Simon Pieters writes:

> . . .
> There's one bug that cites this test case:
>
>    http://home.arcor.de/martin.honnen/operaBugs/op9/XML/ampersandInPI2.xml
>
> The bug says that Opera is wrong in aborting parsing. I think Firefox,
> Safari and IE ignore the PI here.
>
> We have a much bigger problem with draconian error handling in XML
> proper  in general than with xml-stylesheet.
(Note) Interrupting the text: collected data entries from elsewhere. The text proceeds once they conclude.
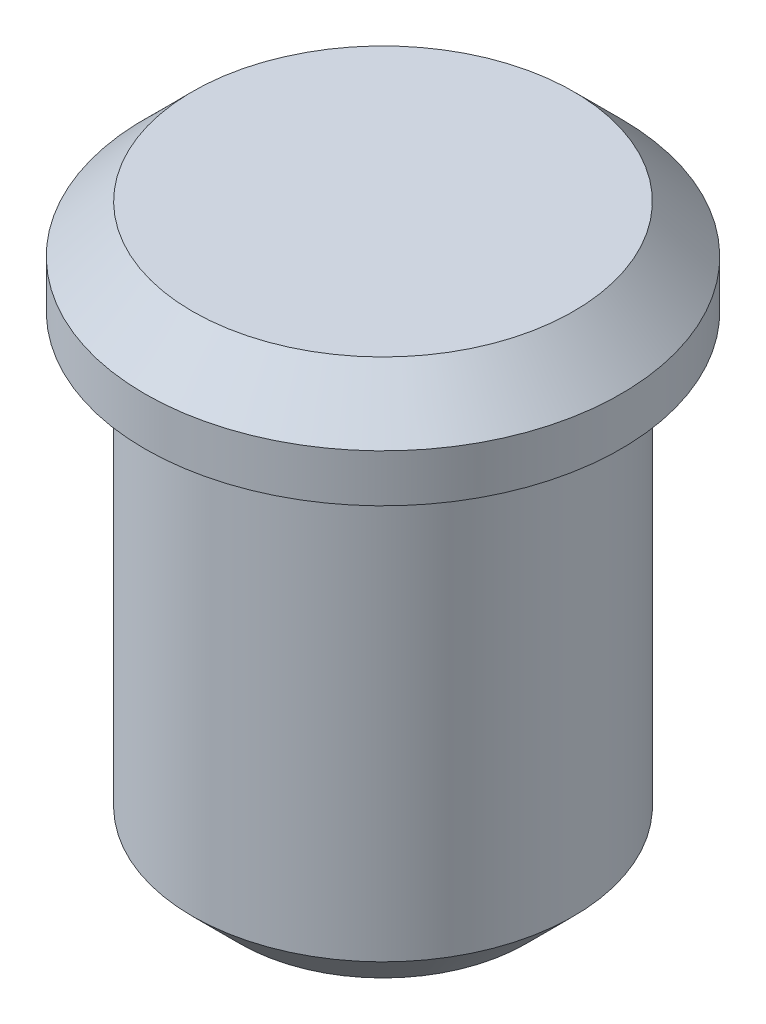
ISO-10303-21;
HEADER;
FILE_DESCRIPTION(('STEP AP214'),'2;1');
FILE_NAME('part.step','',(''),(''),'','','');
FILE_SCHEMA(('AUTOMOTIVE_DESIGN { 1 0 10303 214 1 1 1 1 }'));
ENDSEC;
DATA;
#1=APPLICATION_CONTEXT('core data for automotive mechanical design processes');
#2=APPLICATION_PROTOCOL_DEFINITION('international standard','automotive_design',2000,#1);
#3=PRODUCT_CONTEXT('',#1,'mechanical');
#4=PRODUCT('Part','Part','',(#3));
#5=PRODUCT_RELATED_PRODUCT_CATEGORY('part','',(#4));
#6=PRODUCT_DEFINITION_FORMATION('','',#4);
#7=PRODUCT_DEFINITION_CONTEXT('part definition',#1,'design');
#8=PRODUCT_DEFINITION('design','',#6,#7);
#9=PRODUCT_DEFINITION_SHAPE('','',#8);
#10=(LENGTH_UNIT() NAMED_UNIT(*) SI_UNIT(.MILLI.,.METRE.));
#11=(NAMED_UNIT(*) PLANE_ANGLE_UNIT() SI_UNIT($,.RADIAN.));
#12=(NAMED_UNIT(*) SI_UNIT($,.STERADIAN.) SOLID_ANGLE_UNIT());
#13=UNCERTAINTY_MEASURE_WITH_UNIT(LENGTH_MEASURE(1.E-05),#10,'distance_accuracy_value','');
#14=(GEOMETRIC_REPRESENTATION_CONTEXT(3) GLOBAL_UNCERTAINTY_ASSIGNED_CONTEXT((#13)) GLOBAL_UNIT_ASSIGNED_CONTEXT((#10,
#11,#12)) REPRESENTATION_CONTEXT('',''));
#15=CARTESIAN_POINT('',(0.,0.,0.));
#16=DIRECTION('',(0.,0.,1.));
#17=DIRECTION('',(1.,0.,0.));
#18=AXIS2_PLACEMENT_3D('',#15,#16,#17);
#19=CARTESIAN_POINT('',(0.,-10.,0.));
#20=DIRECTION('',(0.,1.,0.));
#21=DIRECTION('',(0.,0.,1.));
#22=AXIS2_PLACEMENT_3D('',#19,#20,#21);
#23=CYLINDRICAL_SURFACE('',#22,4.);
#24=CARTESIAN_POINT('',(0.,-9.,0.));
#25=DIRECTION('',(0.,1.,0.));
#26=DIRECTION('',(0.,0.,1.));
#27=AXIS2_PLACEMENT_3D('',#24,#25,#26);
#28=CIRCLE('',#27,4.);
#29=CARTESIAN_POINT('',(0.,-9.,4.));
#30=VERTEX_POINT('',#29);
#31=EDGE_CURVE('E45',#30,#30,#28,.T.);
#32=ORIENTED_EDGE('',*,*,#31,.T.);
#33=EDGE_LOOP('',(#32));
#34=FACE_BOUND('',#33,.T.);
#35=CARTESIAN_POINT('',(0.,0.,0.));
#36=DIRECTION('',(0.,1.,0.));
#37=DIRECTION('',(0.,0.,1.));
#38=AXIS2_PLACEMENT_3D('',#35,#36,#37);
#39=CIRCLE('',#38,4.);
#40=CARTESIAN_POINT('',(0.,0.,4.));
#41=VERTEX_POINT('',#40);
#42=EDGE_CURVE('E50',#41,#41,#39,.T.);
#43=ORIENTED_EDGE('',*,*,#42,.F.);
#44=EDGE_LOOP('',(#43));
#45=FACE_BOUND('',#44,.T.);
#46=ADVANCED_FACE('F30',(#34,#45),#23,.T.);
#47=CARTESIAN_POINT('',(0.,-10.,0.));
#48=DIRECTION('',(0.,1.,0.));
#49=DIRECTION('',(0.,0.,1.));
#50=AXIS2_PLACEMENT_3D('',#47,#48,#49);
#51=PLANE('',#50);
#52=CARTESIAN_POINT('',(0.,-10.,0.));
#53=DIRECTION('',(0.,1.,0.));
#54=DIRECTION('',(0.,0.,1.));
#55=AXIS2_PLACEMENT_3D('',#52,#53,#54);
#56=CIRCLE('',#55,3.);
#57=CARTESIAN_POINT('',(0.,-10.,3.));
#58=VERTEX_POINT('',#57);
#59=EDGE_CURVE('E41',#58,#58,#56,.F.);
#60=ORIENTED_EDGE('',*,*,#59,.T.);
#61=EDGE_LOOP('',(#60));
#62=FACE_BOUND('',#61,.T.);
#63=ADVANCED_FACE('F73',(#62),#51,.F.);
#64=CARTESIAN_POINT('',(0.,2.,0.));
#65=DIRECTION('',(0.,-1.,0.));
#66=DIRECTION('',(0.,0.,-1.));
#67=AXIS2_PLACEMENT_3D('',#64,#65,#66);
#68=CYLINDRICAL_SURFACE('',#67,5.);
#69=CARTESIAN_POINT('',(0.,1.,0.));
#70=DIRECTION('',(0.,1.,0.));
#71=DIRECTION('',(0.,0.,1.));
#72=AXIS2_PLACEMENT_3D('',#69,#70,#71);
#73=CIRCLE('',#72,5.);
#74=CARTESIAN_POINT('',(0.,1.,5.));
#75=VERTEX_POINT('',#74);
#76=EDGE_CURVE('E10',#75,#75,#73,.F.);
#77=ORIENTED_EDGE('',*,*,#76,.T.);
#78=EDGE_LOOP('',(#77));
#79=FACE_BOUND('',#78,.T.);
#80=CARTESIAN_POINT('',(0.,0.,0.));
#81=DIRECTION('',(0.,1.,0.));
#82=DIRECTION('',(0.,0.,1.));
#83=AXIS2_PLACEMENT_3D('',#80,#81,#82);
#84=CIRCLE('',#83,5.);
#85=CARTESIAN_POINT('',(0.,0.,5.));
#86=VERTEX_POINT('',#85);
#87=EDGE_CURVE('E53',#86,#86,#84,.T.);
#88=ORIENTED_EDGE('',*,*,#87,.T.);
#89=EDGE_LOOP('',(#88));
#90=FACE_BOUND('',#89,.T.);
#91=ADVANCED_FACE('F57',(#79,#90),#68,.T.);
#92=CARTESIAN_POINT('',(0.,2.,0.));
#93=DIRECTION('',(0.,1.,0.));
#94=DIRECTION('',(0.,0.,1.));
#95=AXIS2_PLACEMENT_3D('',#92,#93,#94);
#96=PLANE('',#95);
#97=CARTESIAN_POINT('',(0.,2.,0.));
#98=DIRECTION('',(0.,1.,0.));
#99=DIRECTION('',(0.,0.,1.));
#100=AXIS2_PLACEMENT_3D('',#97,#98,#99);
#101=CIRCLE('',#100,4.);
#102=CARTESIAN_POINT('',(0.,2.,4.));
#103=VERTEX_POINT('',#102);
#104=EDGE_CURVE('E37',#103,#103,#101,.T.);
#105=ORIENTED_EDGE('',*,*,#104,.T.);
#106=EDGE_LOOP('',(#105));
#107=FACE_BOUND('',#106,.T.);
#108=ADVANCED_FACE('F62',(#107),#96,.T.);
#109=CARTESIAN_POINT('',(0.,0.,0.));
#110=DIRECTION('',(0.,1.,0.));
#111=DIRECTION('',(0.,0.,1.));
#112=AXIS2_PLACEMENT_3D('',#109,#110,#111);
#113=PLANE('',#112);
#114=ORIENTED_EDGE('',*,*,#42,.T.);
#115=EDGE_LOOP('',(#114));
#116=FACE_BOUND('',#115,.T.);
#117=ORIENTED_EDGE('',*,*,#87,.F.);
#118=EDGE_LOOP('',(#117));
#119=FACE_BOUND('',#118,.T.);
#120=ADVANCED_FACE('F59',(#116,#119),#113,.F.);
#121=CARTESIAN_POINT('',(0.,-9.,0.));
#122=DIRECTION('',(0.,1.,0.));
#123=DIRECTION('',(0.,0.,1.));
#124=AXIS2_PLACEMENT_3D('',#121,#122,#123);
#125=CONICAL_SURFACE('',#124,4.,0.78539816339745);
#126=ORIENTED_EDGE('',*,*,#59,.F.);
#127=EDGE_LOOP('',(#126));
#128=FACE_BOUND('',#127,.T.);
#129=ORIENTED_EDGE('',*,*,#31,.F.);
#130=EDGE_LOOP('',(#129));
#131=FACE_BOUND('',#130,.T.);
#132=ADVANCED_FACE('F61',(#128,#131),#125,.T.);
#133=CARTESIAN_POINT('',(0.,2.,0.));
#134=DIRECTION('',(0.,-1.,0.));
#135=DIRECTION('',(0.,0.,-1.));
#136=AXIS2_PLACEMENT_3D('',#133,#134,#135);
#137=CONICAL_SURFACE('',#136,4.,0.78539816339745);
#138=ORIENTED_EDGE('',*,*,#76,.F.);
#139=EDGE_LOOP('',(#138));
#140=FACE_BOUND('',#139,.T.);
#141=ORIENTED_EDGE('',*,*,#104,.F.);
#142=EDGE_LOOP('',(#141));
#143=FACE_BOUND('',#142,.T.);
#144=ADVANCED_FACE('F32',(#140,#143),#137,.T.);
#145=CLOSED_SHELL('',(#46,#63,#91,#108,#120,#132,#144));
#146=MANIFOLD_SOLID_BREP('B2',#145);
#147=ADVANCED_BREP_SHAPE_REPRESENTATION('',(#18,#146),#14);
#148=SHAPE_DEFINITION_REPRESENTATION(#9,#147);
ENDSEC;
END-ISO-10303-21;

So from our perspective,
> defining  error recovery for XML 1.0 and Namespaces in XML 1.0 is a
> higher priority.
>
>
>> In this duplicate pseudo-attribute case, I could live with
>> tightening my above suggestion to "...processor SHOULD ignore..."
>> because at least that way Arbortext could say "yes, we should,
>> but due to legacy issues, we decided instead to recover" and
>> still not be non-compliant with the spec.
>
> Is the legacy situation for Abortext so bad that people rely on its
> error  recovery behavior?
>
>
> On Wed, 10 Jun 2009 16:28:57 +0200, Grosso, Paul <pgrosso@ptc.com> wrote:
>
>> > * What happens when a CharRef hits the [WFC: Legal Character] constraint
>> > in XML 1.0? (Unclear to me whether this is allowed in the syntax.)
>>>
> Syntax error: must ignore the entire PI. We should tighten up
> the syntax
> so that duplicate pseudo-attributes and NCRs that are syntax
> errors in XML
> 1.0 are also syntax errors in xml-stylesheet.
>>
>> As I said before:
>>
>> As far as I can tell, the XML Rec says:
>>
>> [16] PI ::= '<?' PITarget (S (Char* - (Char* '?>' Char*)))? '?>'
>>
>> and Char is "any unicode character..." so I don't see how there
>> could be a CharRef in a PI.
>
> Not on the XML 1.0 layer, but on the xml-stylesheet layer.
>
> [3]   	PseudoAttValue	   ::=   	('"' ([^"<&] | CharRef |
> PredefEntityRef)*  '"'
> 			| "'" ([^'<&] | CharRef | PredefEntityRef)* "'")	
> 			- (Char* '?>' Char*)
> 	
> http://www.w3.org/TR/xml-stylesheet/#NT-PseudoAttValue

Oh B*G.  _Why_ did they/we do that?  That's just . . . perverse.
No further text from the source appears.